Revisiting the Forward Equations

We first recall the key forward equations:

\[\begin{aligned} \mathbf{V}_{[t],new} &:= \left(\mathbf{U}_{[t]} - \mathbf{W}_{[t]} \mathbf{S}_{[t-1]}^{C \top} \right) \\ \\ \widetilde{\mathbf{X}}_{[t]} &= \mathbf{I} + \text{Diag}(\boldsymbol{\beta}_{[t]}) \left( \overleftarrow{\mathbf{K}_{[t]}} \overrightarrow{\mathbf{K}_{[t]}}^\top \odot \mathbf{M}_{-1} \right) ,\quad \widetilde{\mathbf{A}}_{[t]} = \widetilde{\mathbf{X}}_{[t]}^{-1} \\ \\ \mathbf{W}_{[t]} &= \widetilde{\mathbf{A}}_{[t]} \text{Diag}(\boldsymbol{\beta}_{[t]}) \overleftarrow{\mathbf{K}_{[t]}} ,\quad \mathbf{U}_{[t]} = \widetilde{\mathbf{A}}_{[t]} \text{Diag}(\boldsymbol{\beta}_{[t]}) \mathbf{V}_{[t]} \\ \\ \mathbf{S}_{[t]}^{C} &= \mathbf{S}_{[t-1]}^{C} \text{Diag}(\boldsymbol{\gamma}_{[t]}^C) + \mathbf{V}_{[t],new}^\top \overrightarrow{\mathbf{K}_{[t]}} \text{Diag}(\boldsymbol{\gamma}_{[t]}^C) \\ \\ \mathbf{O}_{[t]} &= \overleftarrow{\mathbf{Q}_{[t]}} \mathbf{S}_{[t-1]}^{C \top} + \left( \overleftarrow{\mathbf{Q}_{[t]}} \overrightarrow{\mathbf{K}_{[t]}}^\top \odot \mathbf{M} \right) \mathbf{V}_{[t],new} \\ \\ \mathbf{\Gamma}_{[t]} &= [ \boldsymbol{\gamma}_{[t]}^1, \boldsymbol{\gamma}_{[t]}^2, ..., \boldsymbol{\gamma}_{[t]}^C ]^\top \\ \\ \overleftarrow{\square_{[t]}} &= \square_{[t]} \odot \mathbf{\Gamma}_{[t]} ,\quad \overrightarrow{\square_{[t]}} = \square_{[t]} \oslash \mathbf{\Gamma}_{[t]} \quad\text{for}\quad \square \in \{ \mathbf{Q}, \mathbf{K}\} \end{aligned}\]

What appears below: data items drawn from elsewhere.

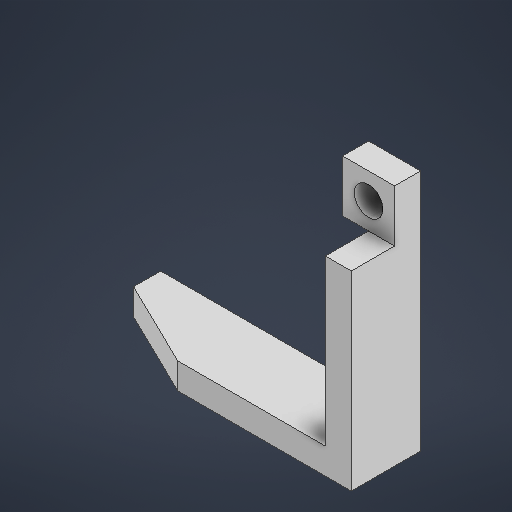
# Autodesk Inventor part: rightfrontwall
Saved by Autodesk Inventor 2026.2 (Build 302298010, 298A)
## iProperties
Created: 2026-09-21
Part Number: rightfrontwall
Material: Generic
Document SubType Name: Modeling
Designer: karol
Density: 1 g/cm^3
Appearance: Default
Author: karol
Autodesk Inventor part; units mm, degrees
ref_plane "YZ Plane" through (0, 0, 0) normal (1, 0, 0) x (0, 1, 0)
ref_plane "XZ Plane" through (0, 0, 0) normal (0, 1, 0) x (-1, 0, 0)
ref_plane "XY Plane" through (0, 0, 0) normal (0, 0, 1) x (1, 0, 0)
sketch "Sketch1" plane through (0, 0, 0) normal (0, 0, 1) x (1, 0, 0)
  line L0 (-58, -60) -> (-60, -60) projected
  line L1 (-60, -60) -> (-60, -39.5) projected
  line L2 (-60, -39.5) -> (-58, -39.5) projected
  line L3 (-58, -39.5) -> (-58, -60) projected
  line L4 (49.6, 30) -> (51.6, 30) projected
  line L5 (51.6, 30) -> (51.6, 9.5) projected
  line L6 (51.6, 9.5) -> (49.6, 9.5) projected
  line L7 (49.6, 9.5) -> (49.6, 30) projected
  line L8 (-58, 39.5) -> (-60, 39.5) projected
  line L9 (-60, 39.5) -> (-60, 60) projected
  line L10 (-60, 60) -> (-58, 60) projected
  line L11 (-58, 60) -> (-58, 39.5) projected
  line L12 (-21.6, -39.5) -> (-19.6, -39.5) projected
  line L13 (-19.6, -39.5) -> (-19.6, -60) projected
  line L14 (-19.6, -60) -> (-21.6, -60) projected
  line L15 (-21.6, -60) -> (-21.6, -39.5) projected
  line L16 (51.6, -30) -> (49.6, -30) projected
  line L17 (49.6, -30) -> (49.6, -9.5) projected
  line L18 (49.6, -9.5) -> (51.6, -9.5) projected
  line L19 (51.6, -9.5) -> (51.6, -30) projected
  line L20 (-21.6, 60) -> (-19.6, 60) projected
  line L21 (-19.6, 60) -> (-19.6, 39.5) projected
  line L22 (-19.6, 39.5) -> (-21.6, 39.5) projected
  line L23 (-21.6, 39.5) -> (-21.6, 60) projected
  line L24 (90, -35) -> (90, 35) projected
  line L25 (90, 35) -> (49.6, 35) projected
  line L26 (49.6, 35) -> (49.6, 60) projected
  line L27 (49.6, 60) -> (90, 60) projected
  line L28 (90, 60) -> (90, 90) projected
  line L29 (90, 90) -> (-19.6, 90) projected
  line L30 (-19.6, 90) -> (-19.6, 65) projected
  line L31 (-19.6, 65) -> (-60, 65) projected
  line L32 (-60, 65) -> (-60, 90) projected
  line L33 (-60, 90) -> (-90, 90) projected
  line L34 (-90, 90) -> (-90, -90) projected
  line L35 (-90, -90) -> (-60, -90) projected
  line L36 (-60, -90) -> (-60, -65) projected
  line L37 (-60, -65) -> (-19.6, -65) projected
  line L38 (-19.6, -65) -> (-19.6, -90) projected
  line L39 (-19.6, -90) -> (90, -90) projected
  line L40 (90, -90) -> (90, -60) projected
  line L41 (90, -60) -> (49.6, -60) projected
  line L42 (49.6, -60) -> (49.6, -35) projected
  line L43 (49.6, -35) -> (90, -35) projected
  line L44 (86, -32) -> (73.8, -32) projected
  line L45 (73.8, -32) -> (73.8, -7.5) projected
  line L46 (73.8, -7.5) -> (86, -7.5) projected
  line L47 (86, -7.5) -> (86, -32) projected
  line L48 (65.8, -32) -> (53.6, -32) projected
  line L49 (53.6, -32) -> (53.6, -7.5) projected
  line L50 (53.6, -7.5) -> (65.8, -7.5) projected
  line L51 (65.8, -7.5) -> (65.8, -32) projected
  line L52 (86, -86) -> (70.6, -86) projected
  line L53 (70.6, -86) -> (70.6, -69.8) projected
  line L54 (70.6, -69.8) -> (86, -69.8) projected
  line L55 (86, -69.8) -> (86, -86) projected
  line L56 (86, 86) -> (86, 69.8) projected
  line L57 (86, 69.8) -> (70.6, 69.8) projected
  line L58 (70.6, 69.8) -> (70.6, 86) projected
  line L59 (70.6, 86) -> (86, 86) projected
  line L60 (73.8, 32) -> (86, 32) projected
  line L61 (86, 32) -> (86, 7.5) projected
  line L62 (86, 7.5) -> (73.8, 7.5) projected
  line L63 (73.8, 7.5) -> (73.8, 32) projected
  line L64 (65.8, 32) -> (65.8, 7.5) projected
  line L65 (65.8, 7.5) -> (53.6, 7.5) projected
  line L66 (53.6, 7.5) -> (53.6, 32) projected
  line L67 (53.6, 32) -> (65.8, 32) projected
  line L68 (-69.6, -87) -> (-85, -87) projected
  line L69 (-85, -87) -> (-85, -70.8) projected
  line L70 (-85, -70.8) -> (-69.6, -70.8) projected
  line L71 (-69.6, -70.8) -> (-69.6, -87) projected
  line L72 (-56, -62) -> (-56, -37.5) projected
  line L73 (-56, -37.5) -> (-43.8, -37.5) projected
  line L74 (-43.8, -37.5) -> (-43.8, -62) projected
  line L75 (-43.8, -62) -> (-56, -62) projected
  line L76 (-56, 62) -> (-43.8, 62) projected
  line L77 (-43.8, 62) -> (-43.8, 37.5) projected
  line L78 (-43.8, 37.5) -> (-56, 37.5) projected
  line L79 (-56, 37.5) -> (-56, 62) projected
  line L80 (-23.6, 62) -> (-23.6, 37.5) projected
  line L81 (-23.6, 37.5) -> (-35.8, 37.5) projected
  line L82 (-35.8, 37.5) -> (-35.8, 62) projected
  line L83 (-35.8, 62) -> (-23.6, 62) projected
  line L84 (-23.6, -62) -> (-35.8, -62) projected
  line L85 (-35.8, -62) -> (-35.8, -37.5) projected
  line L86 (-35.8, -37.5) -> (-23.6, -37.5) projected
  line L87 (-23.6, -37.5) -> (-23.6, -62) projected
  line L88 (-85, 87) -> (-69.6, 87) projected
  line L89 (-69.6, 87) -> (-69.6, 70.8) projected
  line L90 (-69.6, 70.8) -> (-85, 70.8) projected
  line L91 (-85, 70.8) -> (-85, 87) projected
  line L92 (-13.6, -62) -> (-66, -62) projected
  line L93 (-66, -62) -> (-66, -68) projected
  line L94 (-66, -68) -> (-60, -68) projected
  line L95 (-60, -68) -> (-60, -65) projected
  line L96 (-60, -65) -> (-19.6, -65) projected
  line L97 (-19.6, -65) -> (-19.6, -68) projected
  line L98 (-19.6, -68) -> (-13.6, -68) projected
  line L99 (-13.6, -68) -> (-13.6, -62) projected
  line L100 (-90, -90) -> (-60, -90)
  line L101 (-60, -90) -> (-60, -87)
  line L102 (-60, -87) -> (-90, -87)
  line L103 (-90, -87) -> (-90, -90)
  line L104 (-60, -87) -> (-63, -87)
  line L105 (-63, -87) -> (-63, -68)
  line L106 (-63, -68) -> (-60, -68)
  line L107 (-60, -68) -> (-60, -87)
  line L108 (-60, -68) -> (-66, -68)
  line L109 (-66, -68) -> (-66, -62)
  line L110 (-66, -62) -> (-60, -62)
  line L111 (-60, -62) -> (-60, -68)
  circle A0 centre (-63, -65) radius 1.5 projected
  circle A1 centre (-16.6, -87) radius 1.5 projected
  circle A2 centre (49.6, -87) radius 1.5 projected
  circle A3 centre (46.6, -60) radius 1.5 projected
  circle A4 centre (87, -63) radius 1.5 projected
  circle A5 centre (46.6, -32) radius 1.5 projected
  circle A6 centre (46.6, 32) radius 1.5 projected
  circle A7 centre (87, 63) radius 1.5 projected
  circle A8 centre (46.6, 60) radius 1.5 projected
  circle A9 centre (49.6, 87) radius 1.5 projected
  circle A10 centre (-16.6, 87) radius 1.5 projected
  circle A11 centre (-16.6, 65) radius 1.5 projected
  circle A12 centre (-63, 65) radius 1.5 projected
  point P0 (0, 0)
  dimension "d0" = 3
  constraints: 24 end point, 6 parallel, 3 horizontal, 3 perpendicular, 2 point on line, 1 midpoint
  measures "d0" distance of L105.end L106.end
extrude "Extrusion1" add sketch "Sketch1" along normal blind 8 contours L36 L102 L105 L94 | L36 L35 L34 L102 L68
ref_plane "Work Plane1" through (0, 0, 0) normal (0, 0, 1) x (1, 0, 0)
sketch "Sketch2" plane through (0, 0, 0) normal (0, 0, 1) x (1, 0, 0)
  line L0 (-13.6, -62) -> (-66, -62) projected
  line L1 (-66, -62) -> (-66, -68) projected
  line L2 (-66, -68) -> (-60, -68) projected
  line L3 (-60, -68) -> (-60, -65) projected
  line L4 (-60, -65) -> (-19.6, -65) projected
  line L5 (-19.6, -65) -> (-19.6, -68) projected
  line L6 (-19.6, -68) -> (-13.6, -68) projected
  line L7 (-13.6, -68) -> (-13.6, -62) projected
  circle A0 centre (-63, -65) radius 2 projected
  line L8 (-60, -90) -> (-60, -68) projected
  line L9 (-60, -68) -> (-66, -68)
  line L10 (-66, -68) -> (-66, -62)
  line L11 (-66, -62) -> (-60, -62)
  line L12 (-60, -62) -> (-60, -68)
  circle A1 centre (-63, -65) radius 1.65
  point P0 (0, 0)
  dimension "d3" = 3.3
  constraints: 8 end point, 2 parallel, 1 centre point, 1 coincident, 1 horizontal, 1 perpendicular
  measures "d3" diameter of A1
extrude "Extrusion2" add sketch "Sketch2" along normal blind 3 contours L12 L3 L2 L1 L0 | A0
sketch "Sketch3" plane through (-90, -90, 0) normal (0, -1, 0) x (1, 0, 0)
  line L0 (0, 0) -> (0, 8) projected
  line L1 (0, 3.137) -> (9.9706, 8)
  line L2 (0, 3.137) -> (11.0933, 3.137) construction
  line L3 (0, 8) -> (30, 8) projected
  point P0 (90, 0)
  dimension "d7" = 26
  dimension "d8" = 3.137
  constraints: 4 end point, 2 point on line, 1 equal length, 1 horizontal
  measures "d7" angle of L2 L1
  measures "d8" distance of L1.start L0.start
extrude "Extrusion3" cut sketch "Sketch3" against normal blind 3
body "Solid1"

For \(\delta \mathbf{U}_{[t]}\)

The gradient with respect to \(\mathbf{U}_{[t]}\) is:

\[\begin{aligned} \delta \mathbf{U}_{[t]} = \delta \mathbf{V}_{[t],new} = \overrightarrow{\mathbf{K}_{[t]}} \text{Diag}(\boldsymbol{\gamma}_{[t]}^C) \delta \mathbf{S}_{[t]}^{C \top} + \left( \overleftarrow{\mathbf{Q}_{[t]}} \overrightarrow{\mathbf{K}_{[t]}}^\top \odot \mathbf{M} \right)^\top \delta \mathbf{O}_{[t]} \end{aligned}\]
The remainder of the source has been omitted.